EXERCISE DETAILS: Read through the listing and copy every line that contains the word "Tmax".

DATA SUPPLIED:
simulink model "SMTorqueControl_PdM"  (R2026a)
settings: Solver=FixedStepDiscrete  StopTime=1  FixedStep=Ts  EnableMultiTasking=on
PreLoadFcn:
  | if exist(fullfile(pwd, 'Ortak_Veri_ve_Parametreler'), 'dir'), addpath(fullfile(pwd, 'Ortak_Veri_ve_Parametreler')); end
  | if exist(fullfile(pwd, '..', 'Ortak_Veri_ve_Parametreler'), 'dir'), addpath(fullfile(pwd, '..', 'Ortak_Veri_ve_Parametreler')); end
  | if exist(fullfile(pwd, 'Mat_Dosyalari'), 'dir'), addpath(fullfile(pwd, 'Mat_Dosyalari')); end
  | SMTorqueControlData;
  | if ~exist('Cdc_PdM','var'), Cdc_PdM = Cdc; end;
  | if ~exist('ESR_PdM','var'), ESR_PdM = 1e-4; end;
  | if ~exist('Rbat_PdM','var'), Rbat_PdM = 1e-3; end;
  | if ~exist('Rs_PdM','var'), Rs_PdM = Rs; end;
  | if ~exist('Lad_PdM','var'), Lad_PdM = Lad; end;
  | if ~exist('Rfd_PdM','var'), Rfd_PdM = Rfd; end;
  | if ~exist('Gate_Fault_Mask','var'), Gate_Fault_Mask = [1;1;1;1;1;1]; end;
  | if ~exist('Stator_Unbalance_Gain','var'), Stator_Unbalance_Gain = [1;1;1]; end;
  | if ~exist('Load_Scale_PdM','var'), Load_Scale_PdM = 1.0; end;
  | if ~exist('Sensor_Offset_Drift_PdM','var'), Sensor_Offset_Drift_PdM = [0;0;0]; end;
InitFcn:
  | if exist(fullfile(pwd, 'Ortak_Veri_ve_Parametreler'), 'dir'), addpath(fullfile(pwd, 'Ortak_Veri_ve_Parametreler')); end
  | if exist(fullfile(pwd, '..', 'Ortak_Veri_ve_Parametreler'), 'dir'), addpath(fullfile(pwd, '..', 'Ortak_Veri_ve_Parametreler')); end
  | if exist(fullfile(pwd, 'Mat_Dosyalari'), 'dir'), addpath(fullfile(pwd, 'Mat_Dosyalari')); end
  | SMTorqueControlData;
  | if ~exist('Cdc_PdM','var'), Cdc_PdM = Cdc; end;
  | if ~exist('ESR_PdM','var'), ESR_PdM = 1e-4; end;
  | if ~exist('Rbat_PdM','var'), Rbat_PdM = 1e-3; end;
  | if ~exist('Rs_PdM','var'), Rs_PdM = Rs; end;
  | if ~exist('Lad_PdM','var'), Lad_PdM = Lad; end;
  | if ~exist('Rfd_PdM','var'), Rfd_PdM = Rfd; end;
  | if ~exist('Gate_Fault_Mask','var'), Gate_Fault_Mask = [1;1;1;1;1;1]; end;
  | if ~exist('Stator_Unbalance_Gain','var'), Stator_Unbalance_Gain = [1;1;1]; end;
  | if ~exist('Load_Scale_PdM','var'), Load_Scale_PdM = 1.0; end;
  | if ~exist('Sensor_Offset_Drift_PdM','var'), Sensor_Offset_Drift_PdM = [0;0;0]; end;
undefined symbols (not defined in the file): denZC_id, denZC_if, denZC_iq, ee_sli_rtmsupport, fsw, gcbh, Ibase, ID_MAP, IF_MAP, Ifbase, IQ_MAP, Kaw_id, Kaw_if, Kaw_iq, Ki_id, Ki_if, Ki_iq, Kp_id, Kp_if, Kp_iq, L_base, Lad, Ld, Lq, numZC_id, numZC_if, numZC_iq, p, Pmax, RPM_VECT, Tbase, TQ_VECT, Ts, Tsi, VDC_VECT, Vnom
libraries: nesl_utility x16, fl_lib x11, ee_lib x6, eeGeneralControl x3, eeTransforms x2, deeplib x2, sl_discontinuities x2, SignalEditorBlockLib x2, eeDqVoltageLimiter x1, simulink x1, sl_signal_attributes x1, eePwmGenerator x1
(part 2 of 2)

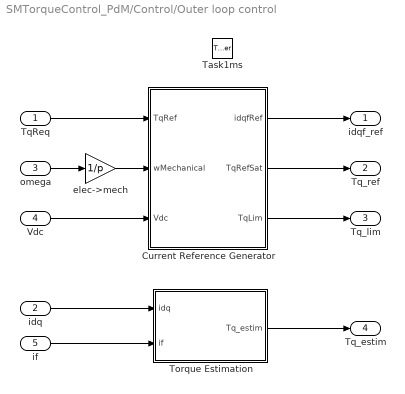
== system SMTorqueControl_PdM/Control/Outer loop control ==
  TqReq : Inport
  idq : Inport  Port=2
  omega : Inport  Port=3
  Vdc : Inport  Port=4
  if : Inport  Port=5
  Task1ms : TriggerPort  TriggerType=function-call  VariantControl=Variant  PortDimensions=1
  Current Reference Generator : Subsystem  LoadFcn=ee_sli_rtmsupport( 'loadfcn', gcbh );  mask(SM Current Reference Generator){Vnom=Vnom, Pmax=Pmax, Tmax=Tbase, ifmax=Ifbase, Ts=-1, RefType=Lookup-table based, rpmVec=RPM_VECT, TqVec=TQ_VECT, VdcVec=VDC_VECT, idMatrix=ID_MAP, iqMatrix=IQ_MAP, ifMatrix=IF_MAP, Kt=0.0375}
      mask prompts: Vnom "physmod:ee:library:comments:control:eeSmCurrentReferenceGen:NominalDclinkVoltageV_MP"; Pmax "physmod:ee:library:comments:control:eeSmCurrentReferenceGen:MaximumPowerW_MP"; Tmax "physmod:ee:library:comments:control:eeSmCurrentReferenceGen:MaximumTorqueNm_MP"; ifmax "physmod:ee:library:comments:control:eeSmCurrentReferenceGen:MaximumFieldCurrentA_MP"; Ts "physmod:ee:library:comments:control:eeSmCurrentReferenceGen:SampleTime1ForInherited_MP"; RefType "physmod:ee:library:comments:control:eeSmCurrentReferenceGen:CurrentReferences_MP"; rpmVec "physmod:ee:library:comments:control:eeSmCurrentReferenceGen:MechanicalSpeedVectorWMechanicalrpm_MP"; TqVec "physmod:ee:library:comments:control:eeSmCurrentReferenceGen:TorqueReferenceVectorTqRefNm_MP"; VdcVec "physmod:ee:library:comments:control:eeSmCurrentReferenceGen:DClinkVoltageVectorVdcV_MP"; idMatrix "physmod:ee:library:comments:control:eeSmCurrentReferenceGen:DaxisCurrentReferenceMatrixIdwMechanicalTqRefVdcA_MP"; iqMatrix "physmod:ee:library:comments:control:eeSmCurrentReferenceGen:QaxisCurrentReferenceMatrixIqwMechanicalTqRefVdcA_MP"; ifMatrix "physmod:ee:library:comments:control:eeSmCurrentReferenceGen:FieldCurrentReferenceMatrixIqwMechanicalTqRefVdcA_MP"; Kt "physmod:ee:library:comments:control:eeSmCurrentReferenceGen:TorqueConstantNmA_MP"
      mask help: physmod:ee:library:comments:control:eeSmCurrentReferenceGen:SMCurrentReferenceGenerator_MD
      mask init:
      | if Vnom <= 0            
      |     error(message('physmod:simscape:compiler:patterns:checks:GreaterThanZero',getString(message('physmod:ee:library:comments:control:eeSmCurrentReferenceGen:NominalDclinkVoltageV_MP'))));            
      | end
      | 
      | if Pmax <= 0            
      |     error(message('physmod:simscape:compiler:patterns:checks:GreaterThanZero',getString(message('physmod:ee:library:comments:control:eeSmCurrentReferenceGen:MaximumPowerW_MP'))));            
      | end
      | 
      | if Tmax <= 0            
      |     error(message('physmod:simscape:compiler:patterns:checks:GreaterThanZero',getString(message('physmod:ee:library:comments:control:eeSmCurrentReferenceGen:MaximumTorqueNm_MP'))));            
      | end
      | 
      | if ifmax <= 0            
      |     error(message('physmod:simscape:compiler:patterns:checks:GreaterThanZero',getString(message('physmod:ee:library:comments:control:eeSmCurrentReferenceGen:MaximumFieldCurrentA_MP'))));            
      | end
      | 
      | if RefType == 2
      | 	if length(rpmVec) < 2            
      | 		error(message('physmod:simscape:compiler:patterns:checks:LengthGreaterThanOrEqual',getString(message('physmod:ee:library:comments:control:eeSmCurrentReferenceGen:MechanicalSpeedVectorWMechanicalrpm_MP')), '2'));            
      |     end
      | 	if ~all(diff(rpmVec) > 0)            
      | 		error(message('physmod:simscape:compiler:patterns:checks:StrictlyAscendingVec',getString(message('physmod:ee:library:comments:control:eeSmCurrentReferenceGen:MechanicalSpeedVectorWMechanicalrpm_MP'))));            
      |     end
      |     if length(TqVec) < 2            
      |         error(message('physmod:simscape:compiler:patterns:checks:LengthGreaterThanOrEqual',getString(message('physmod:ee:library:comments:control:eeSmCurrentReferenceGen:TorqueReferenceVectorTqRefNm_MP')), '2'));            
      |     end
      |     if ~all(diff(TqVec) > 0)            
      |         error(message('physmod:simscape:compiler:patterns:checks:StrictlyAscendingVec',getString(message('physmod:ee:library:comments:control:eeSmCurrentReferenceGen:TorqueReferenceVectorTqRefNm_MP'))));            
      |     end
      | 	if length(VdcVec) < 2            
      |         error(message('physmod:simscape:compiler:patterns:checks:LengthGreaterThanOrEqual',getString(message('physmod:ee:library:comments:control:eeSmCurrentReferenceGen:DClinkVoltageVectorVdcV_MP')), '2'));            
      |     end
      | 	if ~all(diff(VdcVec) > 0)            
      |         error(message('physmod:simscape:compiler:patterns:checks:StrictlyAscendingVec',getString(message('physmod:ee:library:comments:control:eeSmCurrentReferenceGen:DClinkVoltageVectorVdcV_MP'))));            
      | 	end
      | 	if ~all(size(idMatrix) == [length(rpmVec), length(TqVec), length(VdcVec)])            
      |             error(message('physmod:simscape:compiler:patterns:checks:Size3DEqual',getString(message('physmod:ee:library:comments:control:eeSmCurrentReferenceGen:DaxisCurrentReferenceMatrixIdwMechanicalTqRefVdcA_MP')), getString(message('physmod:ee:library:comments:control:eeSmCurrentReferenceGen:MechanicalSpeedVectorWMechanicalrpm_MP')), getString(message('physmod:ee:library:comments:control:eeSmCurrentReferenceGen:TorqueReferenceVectorTqRefNm_MP')), getString(message('physmod:ee:library:comments:control:eeSmCurrentReferenceGen:DClinkVoltageVectorVdcV_MP'))));            
      |     end
      | 	if ~all(size(iqMatrix) == [length(rpmVec), length(TqVec), length(VdcVec)])            
      |         error(message('physmod:simscape:compiler:patterns:checks:Size3DEqual',getString(message('physmod:ee:library:comments:control:eeSmCurrentReferenceGen:QaxisCurrentReferenceMatrixIqwMechanicalTqRefVdcA_MP')), getString(message('physmod:ee:library:comments:control:eeSmCurrentReferenceGen:MechanicalSpeedVectorWMechanicalrpm_MP')), getString(message('physmod:ee:library:comments:control:eeSmCurrentReferenceGen:TorqueReferenceVectorTqRefNm_MP')), getString(message('physmod:ee:library:comments:control:eeSmCurrentReferenceGen:DClinkVoltageVectorVdcV_MP'))));            
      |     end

WRITTEN RESPONSE:
  Current Reference Generator : Subsystem  LoadFcn=ee_sli_rtmsupport( 'loadfcn', gcbh );  mask(SM Current Reference Generator){Vnom=Vnom, Pmax=Pmax, Tmax=Tbase, ifmax=Ifbase, Ts=-1, RefType=Lookup-table based, rpmVec=RPM_VECT, TqVec=TQ_VECT, VdcVec=VDC_VECT, idMatrix=ID_MAP, iqMatrix=IQ_MAP, ifMatrix=IF_MAP, Kt=0.0375}
      mask prompts: Vnom "physmod:ee:library:comments:control:eeSmCurrentReferenceGen:NominalDclinkVoltageV_MP"; Pmax "physmod:ee:library:comments:control:eeSmCurrentReferenceGen:MaximumPowerW_MP"; Tmax "physmod:ee:library:comments:control:eeSmCurrentReferenceGen:MaximumTorqueNm_MP"; ifmax "physmod:ee:library:comments:control:eeSmCurrentReferenceGen:MaximumFieldCurrentA_MP"; Ts "physmod:ee:library:comments:control:eeSmCurrentReferenceGen:SampleTime1ForInherited_MP"; RefType "physmod:ee:library:comments:control:eeSmCurrentReferenceGen:CurrentReferences_MP"; rpmVec "physmod:ee:library:comments:control:eeSmCurrentReferenceGen:MechanicalSpeedVectorWMechanicalrpm_MP"; TqVec "physmod:ee:library:comments:control:eeSmCurrentReferenceGen:TorqueReferenceVectorTqRefNm_MP"; VdcVec "physmod:ee:library:comments:control:eeSmCurrentReferenceGen:DClinkVoltageVectorVdcV_MP"; idMatrix "physmod:ee:library:comments:control:eeSmCurrentReferenceGen:DaxisCurrentReferenceMatrixIdwMechanicalTqRefVdcA_MP"; iqMatrix "physmod:ee:library:comments:control:eeSmCurrentReferenceGen:QaxisCurrentReferenceMatrixIqwMechanicalTqRefVdcA_MP"; ifMatrix "physmod:ee:library:comments:control:eeSmCurrentReferenceGen:FieldCurrentReferenceMatrixIqwMechanicalTqRefVdcA_MP"; Kt "physmod:ee:library:comments:control:eeSmCurrentReferenceGen:TorqueConstantNmA_MP"
      | if Tmax <= 0            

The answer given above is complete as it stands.